It's so easy to walk past, not make eye contact and pretend you never saw them.
But you did.
And you didn't do anything about it.

I had to run some errands for CoffeeBytes while i was working today- which required a trip down State Street.
And on my way back to the shop I noticed a man out panhandling, singing and asking for change.
It was COLD out today and I just felt so sorry for this man who had nothing on but a thin coat.
When I got to him, he asked for some change.
I looked him in the eyes and said sorry, but I'd like to buy you a sandwich if you're hungry.
His eyes lit up and he said "really!?"
We walked across the street to a sub shop.
We chatted for just a minute and he told me he had just been released from the hospital (i saw the hospital bracelet on his wrist) and he's trying to get money to pay for his prescriptions which he can't afford right now. He needs penicillin which i'm assuming is probably pretty important.
I told him to go up and order whatever he'd like.

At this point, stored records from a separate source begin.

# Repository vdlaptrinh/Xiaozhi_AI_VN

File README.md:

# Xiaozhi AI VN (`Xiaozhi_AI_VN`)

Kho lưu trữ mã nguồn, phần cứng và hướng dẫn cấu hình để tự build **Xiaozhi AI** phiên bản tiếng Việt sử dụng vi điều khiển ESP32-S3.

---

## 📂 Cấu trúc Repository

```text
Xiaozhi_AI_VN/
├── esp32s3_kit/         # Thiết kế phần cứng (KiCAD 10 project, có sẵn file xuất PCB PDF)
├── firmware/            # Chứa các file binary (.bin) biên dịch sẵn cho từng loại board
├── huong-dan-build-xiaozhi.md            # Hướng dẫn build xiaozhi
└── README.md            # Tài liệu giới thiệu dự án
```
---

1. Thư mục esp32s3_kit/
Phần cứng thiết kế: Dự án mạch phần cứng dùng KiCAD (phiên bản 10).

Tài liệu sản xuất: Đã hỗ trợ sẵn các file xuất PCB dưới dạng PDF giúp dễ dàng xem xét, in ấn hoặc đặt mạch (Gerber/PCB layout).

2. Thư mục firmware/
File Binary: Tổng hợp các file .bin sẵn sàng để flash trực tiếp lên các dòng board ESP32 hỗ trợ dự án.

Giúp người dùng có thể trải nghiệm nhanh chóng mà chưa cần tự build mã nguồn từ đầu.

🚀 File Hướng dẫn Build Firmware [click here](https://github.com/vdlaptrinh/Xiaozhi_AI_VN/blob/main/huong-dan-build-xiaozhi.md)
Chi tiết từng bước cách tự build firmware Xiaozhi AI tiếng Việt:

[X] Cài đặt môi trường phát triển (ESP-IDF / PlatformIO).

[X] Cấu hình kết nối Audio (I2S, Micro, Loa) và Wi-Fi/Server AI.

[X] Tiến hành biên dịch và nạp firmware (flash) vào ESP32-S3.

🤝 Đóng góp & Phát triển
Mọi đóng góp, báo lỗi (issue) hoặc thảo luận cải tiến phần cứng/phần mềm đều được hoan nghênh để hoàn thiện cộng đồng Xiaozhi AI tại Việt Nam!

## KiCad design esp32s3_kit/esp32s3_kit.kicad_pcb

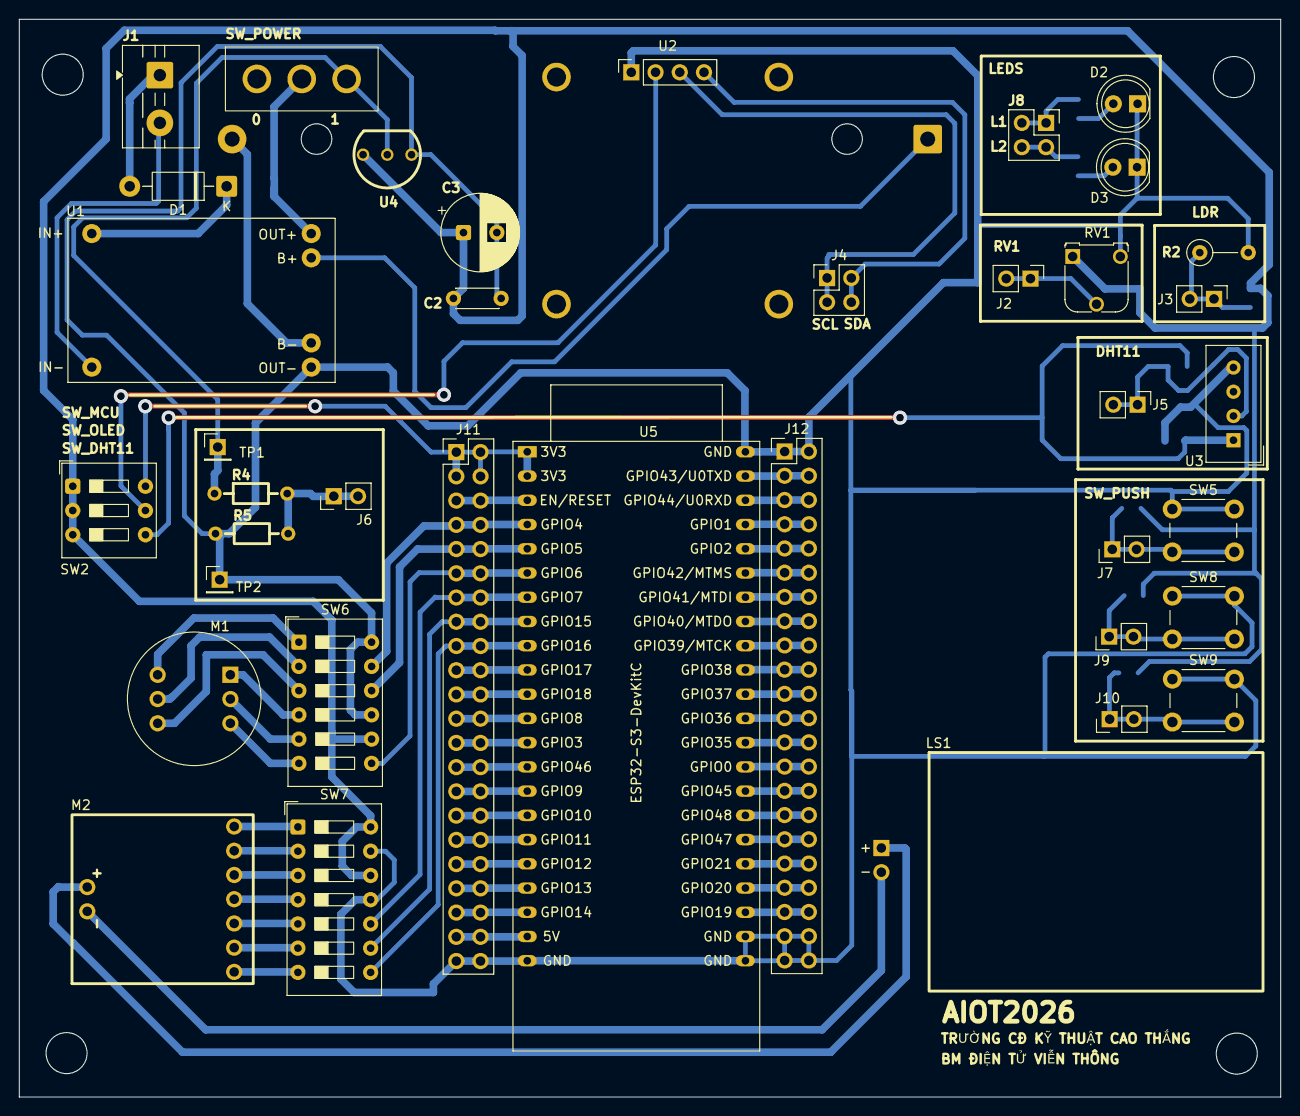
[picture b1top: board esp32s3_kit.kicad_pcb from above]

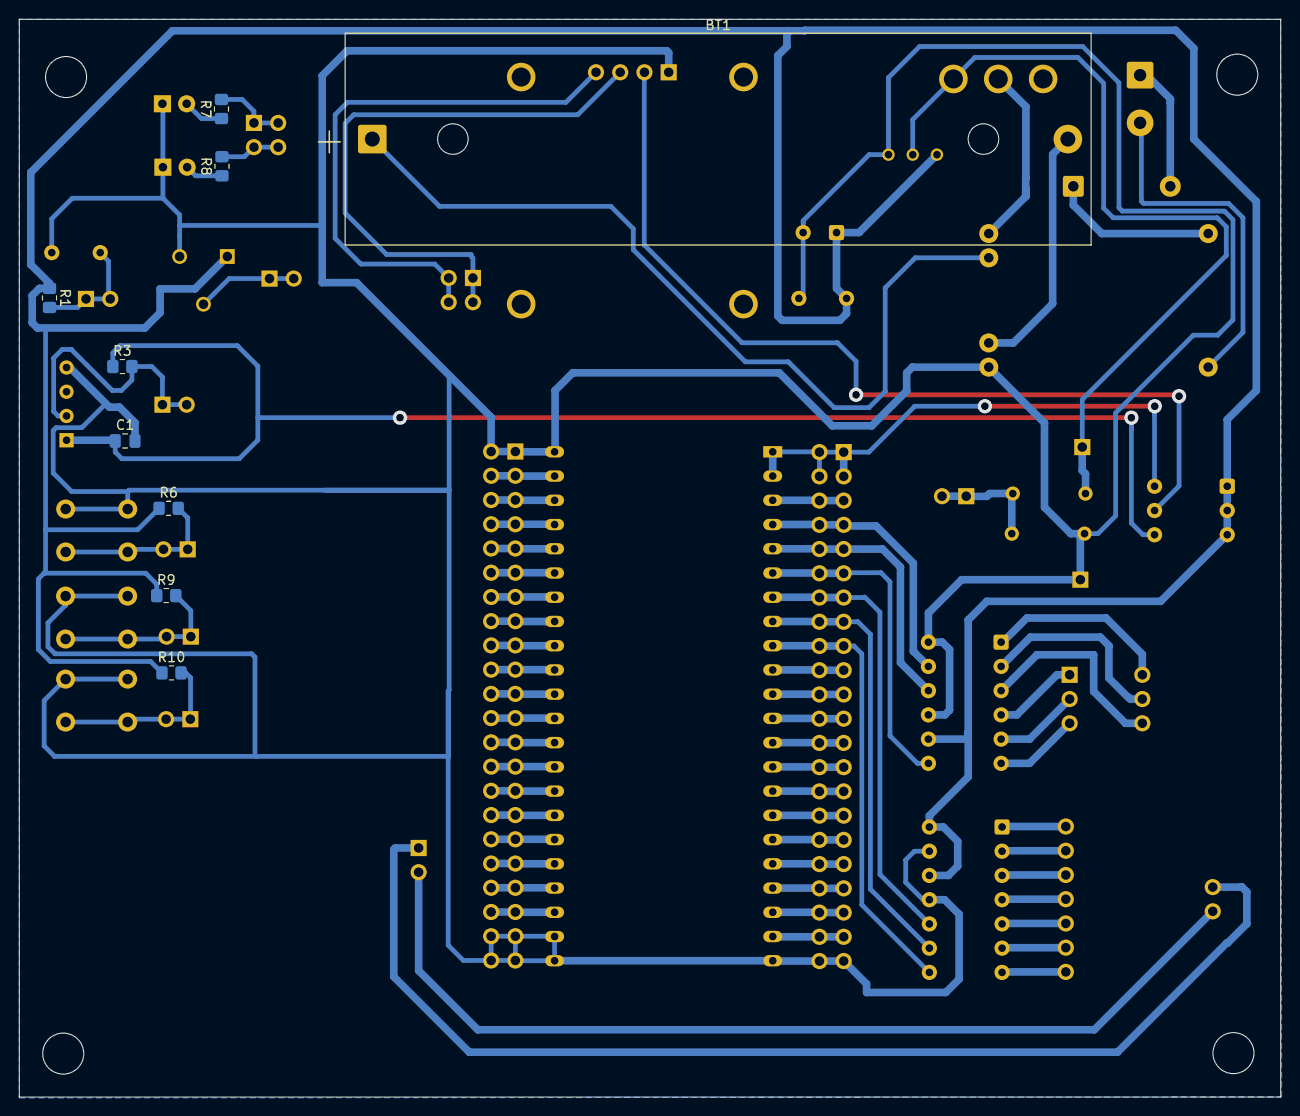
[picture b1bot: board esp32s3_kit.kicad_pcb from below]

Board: 2 copper layers, 132.2 x 112.9 mm, 47 parts (9 on the bottom side), 78 nets.

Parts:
BT1: Battery_Cell; BatteryHolder_MPD_BK-18650-PC2
C1: C; C_0805_2012Metric_Pad1.18x1.45mm_HandSolder
C2: C; C_Disc_D4.3mm_W1.9mm_P5.00mm
C3: C_US; CP_Radial_D8.0mm_P3.50mm
D1: 1N4001; D_DO-41_SOD81_P10.16mm_Horizontal
D2, D3: LED; LED_D5.0mm
J1: Screw_Terminal_01x02; TerminalBlock_MaiXu_MX126-5.0-02P_1x02_P5.00mm
J2, J3, J5, J6, J7, J9, J10: Conn_02x01; PinHeader_1x02_P2.54mm_Vertical
J4, J8: Conn_02x02_Top_Bottom; PinHeader_2x02_P2.54mm_Vertical
J11, J12: Conn_02x22_Top_Bottom; PinHeader_2x22_P2.54mm_Vertical_double
LS1: Speaker; speaker_2.5x3.5cm
M1: module_micro_inmp441; MODULE_MICRO_INMP441
M2: Module_MAX98357A
R1, R3, R6, R7, R8, R9, R10: R_US; R_0805_2012Metric_Pad1.20x1.40mm_HandSolder
R2: R_Photo; R_Axial_DIN0207_L6.3mm_D2.5mm_P5.08mm_Vertical
R4, R5: R_US; CFR25S
RV1: R_Potentiometer; Potentiometer_Runtron_RM-065_Vertical
SW1: SW_Wuerth_450301014042; SW_ss12d10
SW2: SW_DIP_x03; SW_DIP_SPSTx03_Slide_9.78x9.8mm_W7.62mm_P2.54mm
SW5, SW8, SW9: SW_Push; SW_PUSH_6mm_H7.3mm
SW6: SW_DIP_x06; SW_DIP_SPSTx06_Slide_9.78x17.42mm_W7.62mm_P2.54mm
SW7: SW_DIP_x07; SW_DIP_SPSTx07_Slide_9.78x19.96mm_W7.62mm_P2.54mm
TP1, TP2: TestPoint; PinHeader_1x01_P2.54mm_Vertical
U1: Module_TP4056; TP4056-Module
U2: Module_OLED_0.96; OLED_SSD1306_I2C_0.96
U3: DHT11; Aosong_DHT11_5.5x12.0_P2.54mm
U4: MCP1700x-330xxTO; 2SC1815_TO_92
U5: ESP32-S3-DevKitC

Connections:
+3V3: C2.1, C3.1, R1.1, R6.1, R9.1, R10.1, RV1.1, SW2.1, SW2.2, SW2.3, SW6.8, SW7.12, SW7.14, U4.3 (VO)
/5V: J11.21, J11.43, U5.21 (5V)
/DHT11: C1.1, R3.1, SW2.4, U3.1 (VDD)
/GPIO0: J12.14, J12.36, U5.31 (GPIO0)
/GPIO1: J12.4, J12.26, U5.41 (GPIO1/ADC1_CH0)
/GPIO2: J12.5, J12.27, U5.40 (GPIO2/ADC1_CH1)
/GPIO3: J11.13, J11.35, U5.13 (GPIO3/ADC1_CH2)
/GPIO4: J11.4, J11.26, SW6.11, U5.4 (GPIO4/ADC1_CH3)
/GPIO5: J11.5, J11.27, SW6.10, U5.5 (GPIO5/ADC1_CH4)
/GPIO6: J11.6, J11.28, SW6.7, U5.6 (GPIO6/ADC1_CH5)
/GPIO7: J11.7, J11.29, SW7.10, U5.7 (GPIO7/ADC1_CH6)
/GPIO8: J11.12, J11.34, U5.12 (GPIO8/ADC1_CH7)
/GPIO9: J11.15, J11.37, U5.15 (GPIO9/ADC1_CH8)
/GPIO10: J11.16, J11.38, U5.16 (GPIO10/ADC1_CH9)
/GPIO11: J11.17, J11.39, U5.17 (GPIO11/ADC2_CH0)
/GPIO12: J11.18, J11.40, U5.18 (GPIO12/ADC2_CH1)
/GPIO13: J11.19, J11.41, U5.19 (GPIO13/ADC2_CH2)
/GPIO14: J11.20, J11.42, U5.20 (GPIO14/ADC2_CH3)
/GPIO15: J11.8, J11.30, SW7.9, U5.8 (GPIO15/ADC2_CH4/32K_P)
/GPIO16: J11.9, J11.31, SW7.8, U5.9 (GPIO16/ADC2_CH5/32K_N)
/GPIO17: J11.10, J11.32, U5.10 (GPIO17/ADC2_CH6)
/GPIO18: J11.11, J11.33, U5.11 (GPIO18/ADC2_CH7)
/GPIO19: J12.20, J12.42, U5.25 (GPIO19/USB_D-)
/GPIO20: J12.19, J12.41, U5.26 (GPIO20/USB_D+)
/GPIO21: J12.18, J12.40, U5.27 (GPIO21)
/GPIO35: J12.13, J12.35, U5.32 (GPIO35)
/GPIO36: J12.12, J12.34, U5.33 (GPIO36)
/GPIO37: J12.11, J12.33, U5.34 (GPIO37)
/GPIO38: J12.10, J12.32, U5.35 (GPIO38)
/GPIO39: J12.9, J12.31, U5.36 (GPIO39/MTCK)
/GPIO40: J12.8, J12.30, U5.37 (GPIO40/MTDO)
/GPIO41: J12.7, J12.29, U5.38 (GPIO41/MTDI)
/GPIO42: J12.6, J12.28, U5.39 (GPIO42/MTMS)
/GPIO45: J12.15, J12.37, U5.30 (GPIO45)
/GPIO46: J11.14, J11.36, U5.14 (GPIO46)
/GPIO47: J12.17, J12.39, U5.28 (GPIO47)
/GPIO48: J12.16, J12.38, U5.29 (GPIO48)
/MCU: J11.1, J11.2, J11.23, J11.24, SW2.6, U5.1 (3V3), U5.2 (3V3)
/OLED: SW2.5, U2.2 (VDD)
/RST: J11.3, J11.25, U5.3 (CHIP_PU)
/RX: J12.3, J12.25, U5.42 (GPIO44/U0RXD)
/TX: J12.2, J12.24, U5.43 (GPIO43/U0TXD)
GND: C1.2, C2.2, C3.2, D2.1 (K), D3.1 (K), J11.22, J11.44, J12.1, J12.21, J12.22, J12.23, J12.43, J12.44, R2.2, R5.2, RV1.3, SW5.1, SW6.9, SW6.12, SW7.11, SW7.13, SW8.1, SW9.1, TP2.1 (1_1), U1.4 (VOUT-), U2.1 (GND), U3.4 (GND), U4.1 (GND), U5.22 (GND), U5.23 (GND), U5.24 (GND), U5.44 (GND)
unnamed: BT1.1 (+), U1.5 (B^{+})
unnamed: BT1.2 (-), U1.6 (B-)
unnamed: D1.2 (A), J1.1
unnamed: D1.1 (K), U1.1 (V_{IN})
unnamed: D2.2 (A), R7.1
unnamed: D3.2 (A), R8.1
unnamed: J1.2, U1.2 (VIN^{-})
unnamed: J2.1, J2.2, RV1.2
unnamed: J3.1, J3.2, R1.2, R2.1
unnamed: J4.1, J4.3, U2.3 (SCK)
unnamed: J4.2, J4.4, U2.4 (SDA)
unnamed: J5.1, J5.2, R3.2, U3.2 (DATA)
unnamed: J6.1, J6.2, R4.2, R5.1
unnamed: J7.1, J7.2, R6.2, SW5.2
unnamed: J8.1, J8.3, R7.2
unnamed: J8.2, J8.4, R8.2
unnamed: J9.1, J9.2, R9.2, SW8.2
unnamed: J10.1, J10.2, R10.2, SW9.2
unnamed: M1.1, SW6.1
unnamed: M1.2, SW6.2
unnamed: M1.3, SW6.3
unnamed: M1.4, SW6.4
unnamed: M1.5, SW6.5
unnamed: M1.6, SW6.6
unnamed: LS1.1, M2.8 (+SPK)
unnamed: LS1.2, M2.9 (-SPK)
unnamed: M2.6 (BCLK), SW7.6
unnamed: M2.5 (DIN), SW7.5
unnamed: M2.4 (GAIN), SW7.4
unnamed: M2.2 (GND), SW7.2
unnamed: M2.7 (LRC), SW7.7
unnamed: M2.3 (SD), SW7.3
unnamed: M2.1 (VIN), SW7.1
unnamed: SW1.2 (B), U1.3 (V_{OUT})
V_BAT: R4.1, SW1.3 (C), TP1.1 (1_1), U4.2 (VI)

He got a tuna sandwich.

A lady came up and asked what she could get for me and i just told her that i was paying for the man i was with and that's all.
It cost me $4.40. I walked over to the man (wish i would have gotten his name!) And told him he was all taken care of, and wished him luck with his health.
He gave me a huge hug, which may have been crossing the line, but i didn't mind at all.
He was just so genuinely happy.



I didn't do this act to tell people so they would say "good job Brittany! you're such a good person!"
Just for the same reason that I didn't do it to prove to God that i'm living the way He wants us to.
I did it because that man was real, and was hungry. And i had $4 to spare. And if I was in his position, I would hope someone would stop and try to help me. Even if just for a meal.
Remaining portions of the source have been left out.